Das Mordgeständnis
Mojaffor Hossain ist Autor belletristischer, zeitgenössischer Bangla-Literatur. Er begann seine berufliche Laufbahn als Journalist und arbeitet derzeit als Übersetzer an der Bangla Academy in Dhaka. Hossain hat acht Bücher mit spannenden Kurzgeschichten verfasst, die in den letzten Jahren in der breiten Öffentlichkeit und bei der Literaturkritik großen Anklang fanden.
„Warum hast du das getan?“, fragte der Polizist. Khogen schwieg. Er war wegen des Mordes an General Habib verhaftet worden. Laut Bericht war er mitten in der Nacht in die Wohnung des Vorsitzenden Habib eingebrochen, ließ ihn ein Narkosemittel einatmen und fesselte dessen Hände an eine Pritsche. Dann schnitt er ihm mit einem Boti die Kehle durch. Die besagte Mordwaffe war nirgends zu finden, aber so hatten es die Kläger, die beiden Söhne des Vorsitzenden, behauptet.

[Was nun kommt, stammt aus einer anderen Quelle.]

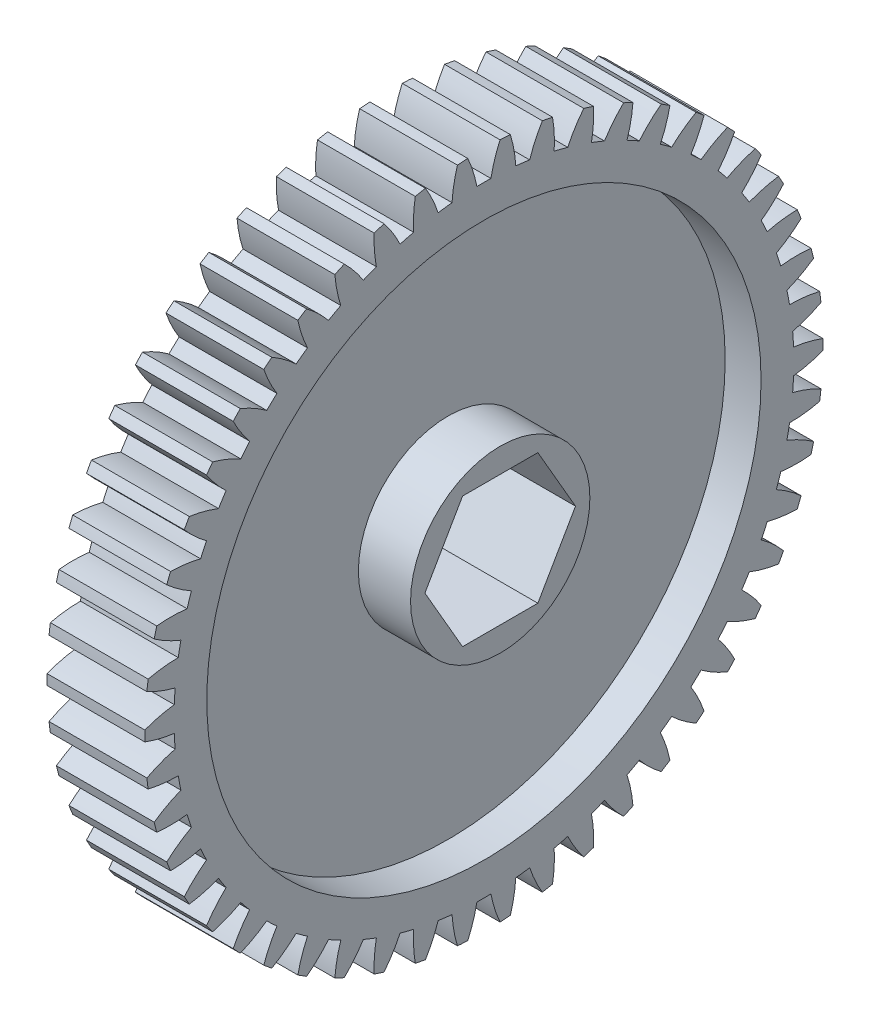
from build123d import *

# Parameters (mm, degrees)
SKETCH1_W           = 9.525
SKETCH1_H           = 33.02
CUT_EXTRUDE1_DEPTH  = 48.658854634
CUT_EXTRUDE2_DEPTH  = 48.658854634
CUT_EXTRUDE3_DEPTH  = 48.658854634
CUT_EXTRUDE4_DEPTH  = 48.658854634
CUT_EXTRUDE5_DEPTH  = 48.658854634
CUT_EXTRUDE6_DEPTH  = 48.658854634
CUT_EXTRUDE7_DEPTH  = 48.658854634
CUT_EXTRUDE8_DEPTH  = 48.658854634
CUT_EXTRUDE9_DEPTH  = 48.658854634
CUT_EXTRUDE10_DEPTH = 48.658854634
CUT_EXTRUDE11_DEPTH = 48.658854634
CUT_EXTRUDE12_DEPTH = 48.658854634
CUT_EXTRUDE13_DEPTH = 48.658854634
CUT_EXTRUDE14_DEPTH = 48.658854634
CUT_EXTRUDE15_DEPTH = 48.658854634
CUT_EXTRUDE16_DEPTH = 48.658854634
CUT_EXTRUDE17_DEPTH = 48.658854634
CUT_EXTRUDE18_DEPTH = 48.658854634
CUT_EXTRUDE19_DEPTH = 48.658854634
CUT_EXTRUDE20_DEPTH = 48.658854634
CUT_EXTRUDE21_DEPTH = 48.658854634
CUT_EXTRUDE22_DEPTH = 48.658854634
CUT_EXTRUDE23_DEPTH = 48.658854634
CUT_EXTRUDE24_DEPTH = 48.658854634
CUT_EXTRUDE25_DEPTH = 48.658854634
CUT_EXTRUDE26_DEPTH = 48.658854634
CUT_EXTRUDE27_DEPTH = 48.658854634
CUT_EXTRUDE28_DEPTH = 48.632979039
CUT_EXTRUDE29_DEPTH = 48.632979039
CUT_EXTRUDE30_DEPTH = 48.632979039
CUT_EXTRUDE31_DEPTH = 48.632979039
CUT_EXTRUDE32_DEPTH = 48.632979039
CUT_EXTRUDE33_DEPTH = 48.632979039
CUT_EXTRUDE34_DEPTH = 48.632979039
CUT_EXTRUDE35_DEPTH = 48.632979039
CUT_EXTRUDE36_DEPTH = 48.632979039
CUT_EXTRUDE37_DEPTH = 48.632979039
CUT_EXTRUDE38_DEPTH = 48.632979039
CUT_EXTRUDE39_DEPTH = 48.632979039
CUT_EXTRUDE40_DEPTH = 48.632979039
CUT_EXTRUDE41_DEPTH = 48.632979039
CUT_EXTRUDE42_DEPTH = 48.632979039
CUT_EXTRUDE43_DEPTH = 48.632979039
CUT_EXTRUDE44_DEPTH = 48.632979039
CUT_EXTRUDE45_DEPTH = 48.632979039
CUT_EXTRUDE46_DEPTH = 48.632979039
CUT_EXTRUDE47_DEPTH = 48.632979039
CUT_EXTRUDE48_DEPTH = 48.632979039
CUT_EXTRUDE49_DEPTH = 48.632979039
CUT_EXTRUDE50_DEPTH = 48.632979039
HOLE1_D             = 53.975
HOLE1_DEPTH         = 3.4925
SKETCH54_R          = 8.73125
BOSS_EXTRUDE1_DEPTH = 5.08
HOLE2_D             = 53.975
HOLE2_DEPTH         = 3.4925
BOSS_EXTRUDE2_START = 5.08
SKETCH57_R          = 8.73125
BOSS_EXTRUDE2_DEPTH = 5.08
CUT_EXTRUDE51_DEPTH = 49.368016986


with BuildPart() as part:
    # Sketch1 → Revolve1 (revolve)
    with BuildSketch(Plane(origin=(0, 0, 0), x_dir=(-1, 0, 0), z_dir=(0, 0, -1))):
        with Locations((-4.7625, 16.51)):
            Rectangle(SKETCH1_W, SKETCH1_H)
    revolve(axis=Axis((9.525, 0, 0), (-1, 0, 0)))

    # Sketch2 → Cut-Extrude1 (cut, through all)
    with BuildSketch(Plane.ZY):
        with BuildLine():
            ThreePointArc((-2.575937954, 32.919370341), (-4.138503372, 32.759627437), (-5.691704369, 32.525757507))
            ThreePointArc((-5.691704369, 32.525757507), (-4.996674373, 31.220882798), (-4.457999437, 29.844077068))
            ThreePointArc((-4.457999437, 29.844077068), (-3.781955389, 29.937259535), (-3.103976971, 30.015129885))
            ThreePointArc((-3.103976971, 30.015129885), (-2.924623161, 31.482643739), (-2.575937954, 32.919370341))
        make_face()
    extrude(amount=-CUT_EXTRUDE1_DEPTH, mode=Mode.SUBTRACT)

    # Sketch3 → Cut-Extrude2 (cut, through all)
    with BuildSketch(Plane.ZY):
        with BuildLine():
            ThreePointArc((1.570265218, 32.982641907), (0, 33.02), (-1.570265218, 32.982641907))
            ThreePointArc((-1.570265218, 32.982641907), (-1.044259907, 31.600946168), (-0.682392098, 30.167483091))
            ThreePointArc((-0.682392098, 30.167483091), (0, 30.1752), (0.682392098, 30.167483091))
            ThreePointArc((0.682392098, 30.167483091), (1.044259907, 31.600946168), (1.570265218, 32.982641907))
        make_face()
    extrude(amount=-CUT_EXTRUDE2_DEPTH, mode=Mode.SUBTRACT)

    # Sketch4 → Cut-Extrude3 (cut, through all)
    with BuildSketch(Plane.ZY):
        with BuildLine():
            ThreePointArc((5.691704369, 32.525757507), (4.138503372, 32.759627437), (2.575937954, 32.919370341))
            ThreePointArc((2.575937954, 32.919370341), (2.924623161, 31.482643739), (3.103976971, 30.015129885))
            ThreePointArc((3.103976971, 30.015129885), (3.781955389, 29.937259535), (4.457999437, 29.844077068))
            ThreePointArc((4.457999437, 29.844077068), (4.996674373, 31.220882798), (5.691704369, 32.525757507))
        make_face()
    extrude(amount=-CUT_EXTRUDE3_DEPTH, mode=Mode.SUBTRACT)

    # Sketch5 → Cut-Extrude4 (cut, through all)
    with BuildSketch(Plane.ZY):
        with BuildLine():
            ThreePointArc((9.723381942, 31.555922481), (8.211740074, 31.98261598), (6.681517046, 32.33694064))
            ThreePointArc((6.681517046, 32.33694064), (6.847383175, 30.867841212), (6.84139447, 29.38942015))
            ThreePointArc((6.84139447, 29.38942015), (7.504267083, 29.227190604), (8.163301462, 29.050012122))
            ThreePointArc((8.163301462, 29.050012122), (8.870288299, 30.348447455), (9.723381942, 31.555922481))
        make_face()
    extrude(amount=-CUT_EXTRUDE4_DEPTH, mode=Mode.SUBTRACT)

    # Sketch6 → Cut-Extrude5 (cut, through all)
    with BuildSketch(Plane.ZY):
        with BuildLine():
            ThreePointArc((13.601715974, 30.088431707), (12.15547273, 30.701219564), (10.681724622, 31.244538068))
            ThreePointArc((10.681724622, 31.244538068), (10.662155866, 29.76623439), (10.470919091, 28.300221703))
            ThreePointArc((10.470919091, 28.300221703), (11.108232002, 28.056191417), (11.739863346, 27.797811131))
            ThreePointArc((11.739863346, 27.797811131), (12.604012479, 28.997398967), (13.601715974, 30.088431707))
        make_face()
    extrude(amount=-CUT_EXTRUDE5_DEPTH, mode=Mode.SUBTRACT)

    # Sketch7 → Cut-Extrude6 (cut, through all)
    with BuildSketch(Plane.ZY):
        with BuildLine():
            ThreePointArc((17.26554282, 28.14642839), (15.907506319, 28.935646575), (14.513475021, 29.659390466))
            ThreePointArc((14.513475021, 29.659390466), (14.308779989, 28.195196269), (13.935311063, 26.764711854))
            ThreePointArc((13.935311063, 26.764711854), (14.537013467, 26.442729332), (15.131280572, 26.107222052))
            ThreePointArc((15.131280572, 26.107222052), (16.138963854, 27.189044175), (17.26554282, 28.14642839))
        make_face()
    extrude(amount=-CUT_EXTRUDE6_DEPTH, mode=Mode.SUBTRACT)

    # Sketch8 → Cut-Extrude7 (cut, through all)
    with BuildSketch(Plane.ZY):
        with BuildLine():
            ThreePointArc((20.657081741, 25.760539085), (19.408669031, 26.713741154), (18.116339248, 27.606496559))
            ThreePointArc((18.116339248, 27.606496559), (17.729746104, 26.179503061), (17.179934855, 24.80710651))
            ThreePointArc((17.179934855, 24.80710651), (17.736537545, 24.412249609), (18.284068464, 24.004906487))
            ThreePointArc((18.284068464, 24.004906487), (19.419394127, 24.951901915), (20.657081741, 25.760539085))
        make_face()
    extrude(amount=-CUT_EXTRUDE7_DEPTH, mode=Mode.SUBTRACT)

    # Sketch9 → Cut-Extrude8 (cut, through all)
    with BuildSketch(Plane.ZY):
        with BuildLine():
            ThreePointArc((23.722846143, 22.968390689), (22.603745438, 24.070544077), (21.433497983, 25.11823171))
            ThreePointArc((21.433497983, 25.11823171), (20.871103533, 23.75094345), (20.153620812, 22.458278278))
            ThreePointArc((20.153620812, 22.458278278), (20.656345831, 21.996774126), (21.148505675, 21.524019206))
            ThreePointArc((21.148505675, 21.524019206), (22.393568955, 22.321253256), (23.722846143, 22.968390689))
        make_face()
    extrude(amount=-CUT_EXTRUDE8_DEPTH, mode=Mode.SUBTRACT)

    # Sketch10 → Cut-Extrude9 (cut, through all)
    with BuildSketch(Plane.ZY):
        with BuildLine():
            ThreePointArc((26.414487091, 19.814017052), (25.442347276, 21.047740142), (24.412637651, 22.233837341))
            ThreePointArc((24.412637651, 22.233837341), (23.68331119, 20.947817273), (22.809472129, 19.755269581))
            ThreePointArc((22.809472129, 19.755269581), (23.250391203, 19.234396375), (23.679418317, 18.703685284))
            ThreePointArc((23.679418317, 18.703685284), (25.014583823, 19.338585099), (26.414487091, 19.814017052))
        make_face()
    extrude(amount=-CUT_EXTRUDE9_DEPTH, mode=Mode.SUBTRACT)

    # Sketch11 → Cut-Extrude10 (cut, through all)
    with BuildSketch(Plane.ZY):
        with BuildLine():
            ThreePointArc((28.689555797, 16.347164529), (27.8797081, 17.69300077), (27.00677544, 18.998802076))
            ThreePointArc((27.00677544, 18.998802076), (26.122018882, 17.814331504), (25.105604445, 16.740708482))
            ThreePointArc((25.105604445, 16.740708482), (25.477764018, 16.168680704), (25.836892387, 15.588383073))
            ThreePointArc((25.836892387, 15.588383073), (27.241103761, 16.050935902), (28.689555797, 16.347164529))
        make_face()
    extrude(amount=-CUT_EXTRUDE10_DEPTH, mode=Mode.SUBTRACT)

    # Sketch12 → Cut-Extrude11 (cut, through all)
    with BuildSketch(Plane.ZY):
        with BuildLine():
            ThreePointArc((30.512173071, 12.622507457), (29.877389272, 14.059232207), (29.175000247, 15.464144353))
            ThreePointArc((29.175000247, 15.464144353), (28.148766733, 14.399903086), (27.005806382, 13.46213641))
            ThreePointArc((27.005806382, 13.46213641), (27.303337274, 12.847975279), (27.58690323, 12.227242748))
            ThreePointArc((27.58690323, 12.227242748), (29.038015219, 12.510153858), (30.512173071, 12.622507457))
        make_face()
    extrude(amount=-CUT_EXTRUDE11_DEPTH, mode=Mode.SUBTRACT)

    # Sketch13 → Cut-Extrude12 (cut, through all)
    with BuildSketch(Plane.ZY):
        with BuildLine():
            ThreePointArc((31.853595148, 8.698785901), (31.403886168, 10.203741154), (30.883117872, 11.685607836))
            ThreePointArc((30.883117872, 11.685607836), (29.731591716, 10.758379593), (28.480110619, 9.971258405))
            ThreePointArc((28.480110619, 9.971258405), (28.698320591, 9.324649609), (28.901852129, 8.673271501))
            ThreePointArc((28.901852129, 8.673271501), (30.376979832, 8.772079215), (31.853595148, 8.698785901))
        make_face()
    extrude(amount=-CUT_EXTRUDE12_DEPTH, mode=Mode.SUBTRACT)

    # Sketch14 → Cut-Extrude13 (cut, through all)
    with BuildSketch(Plane.ZY):
        with BuildLine():
            ThreePointArc((32.692667001, 4.637879295), (32.435125019, 6.187331008), (32.10419028, 7.722782302))
            ThreePointArc((32.10419028, 7.722782302), (30.845531737, 6.947190028), (29.505266499, 6.323127698))
            ThreePointArc((29.505266499, 6.323127698), (29.640714248, 5.654268644), (29.761001556, 4.982517581))
            ThreePointArc((29.761001556, 4.982517581), (31.236881326, 4.895663642), (32.692667001, 4.637879295))
        make_face()
    extrude(amount=-CUT_EXTRUDE13_DEPTH, mode=Mode.SUBTRACT)

    # Sketch15 → Cut-Extrude14 (cut, through all)
    with BuildSketch(Plane.ZY):
        with BuildLine():
            ThreePointArc((33.016155966, 0.503830563), (32.954842573, 2.073342955), (32.818960428, 3.638163879))
            ThreePointArc((32.818960428, 3.638163879), (31.473019297, 3.026439126), (30.0651067, 2.57527749))
            ThreePointArc((30.0651067, 2.57527749), (30.115656136, 1.894716485), (30.150802209, 1.213186383))
            ThreePointArc((30.150802209, 1.213186383), (31.604158541, 0.942040529), (33.016155966, 0.503830563))
        make_face()
    extrude(amount=-CUT_EXTRUDE14_DEPTH, mode=Mode.SUBTRACT)

    # Sketch16 → Cut-Extrude15 (cut, through all)
    with BuildSketch(Plane.ZY):
        with BuildLine():
            ThreePointArc((32.818960428, -3.638163879), (32.954842573, -2.073342955), (33.016155966, -0.503830563))
            ThreePointArc((33.016155966, -0.503830563), (31.604158541, -0.942040529), (30.150802209, -1.213186383))
            ThreePointArc((30.150802209, -1.213186383), (30.115656136, -1.894716485), (30.0651067, -2.57527749))
            ThreePointArc((30.0651067, -2.57527749), (31.473019297, -3.026439126), (32.818960428, -3.638163879))
        make_face()
    extrude(amount=-CUT_EXTRUDE15_DEPTH, mode=Mode.SUBTRACT)

    # Sketch17 → Cut-Extrude16 (cut, through all)
    with BuildSketch(Plane.ZY):
        with BuildLine():
            ThreePointArc((32.10419028, -7.722782302), (32.435125019, -6.187331008), (32.692667001, -4.637879295))
            ThreePointArc((32.692667001, -4.637879295), (31.236881326, -4.895663642), (29.761001556, -4.982517581))
            ThreePointArc((29.761001556, -4.982517581), (29.640714248, -5.654268644), (29.505266499, -6.323127698))
            ThreePointArc((29.505266499, -6.323127698), (30.845531737, -6.947190028), (32.10419028, -7.722782302))
        make_face()
    extrude(amount=-CUT_EXTRUDE16_DEPTH, mode=Mode.SUBTRACT)

    # Sketch18 → Cut-Extrude17 (cut, through all)
    with BuildSketch(Plane.ZY):
        with BuildLine():
            ThreePointArc((30.883117872, -11.685607836), (31.403886168, -10.203741154), (31.853595148, -8.698785901))
            ThreePointArc((31.853595148, -8.698785901), (30.376979832, -8.772079215), (28.901852129, -8.673271501))
            ThreePointArc((28.901852129, -8.673271501), (28.698320591, -9.324649609), (28.480110619, -9.971258405))
            ThreePointArc((28.480110619, -9.971258405), (29.731591716, -10.758379593), (30.883117872, -11.685607836))
        make_face()
    extrude(amount=-CUT_EXTRUDE17_DEPTH, mode=Mode.SUBTRACT)

    # Sketch19 → Cut-Extrude18 (cut, through all)
    with BuildSketch(Plane.ZY):
        with BuildLine():
            ThreePointArc((29.175000247, -15.464144353), (29.877389272, -14.059232207), (30.512173071, -12.622507457))
            ThreePointArc((30.512173071, -12.622507457), (29.038015219, -12.510153858), (27.58690323, -12.227242748))
            ThreePointArc((27.58690323, -12.227242748), (27.303337274, -12.847975279), (27.005806382, -13.46213641))
            ThreePointArc((27.005806382, -13.46213641), (28.148766733, -14.399903086), (29.175000247, -15.464144353))
        make_face()
    extrude(amount=-CUT_EXTRUDE18_DEPTH, mode=Mode.SUBTRACT)

    # Sketch20 → Cut-Extrude19 (cut, through all)
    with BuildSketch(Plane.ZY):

Khogens Hütte stand direkt neben der Villa des Vorsitzenden. Deren Begrenzungsmauer hatte fast den gesamten, allem Anschein nach Khogen gehörenden Hof geschluckt. Nur ein finaler Stoß, und das letzte Fleckchen Land, auf das er seinen Kopf stützen konnte, fiele in eine Grube. Als vor nicht allzu langer Zeit sein Großvater noch lebte, hatte Khogen einen Großteil des Gehöfts des Vorsitzenden besessen. Erinnerungen daran waren in seinem Gedächtnis noch frisch. Er schärfte und polierte dieses kleine Bündel an Erinnerungen wie ein Bauer, der seine Sichel wetzt.
Seinen Tag begann er jeden Tag mit einem Schwall an Schimpfwörtern für den Vorsitzenden. Dann ging er mit einem Stock unter der Achsel und einem Sack über den Schultern hinaus.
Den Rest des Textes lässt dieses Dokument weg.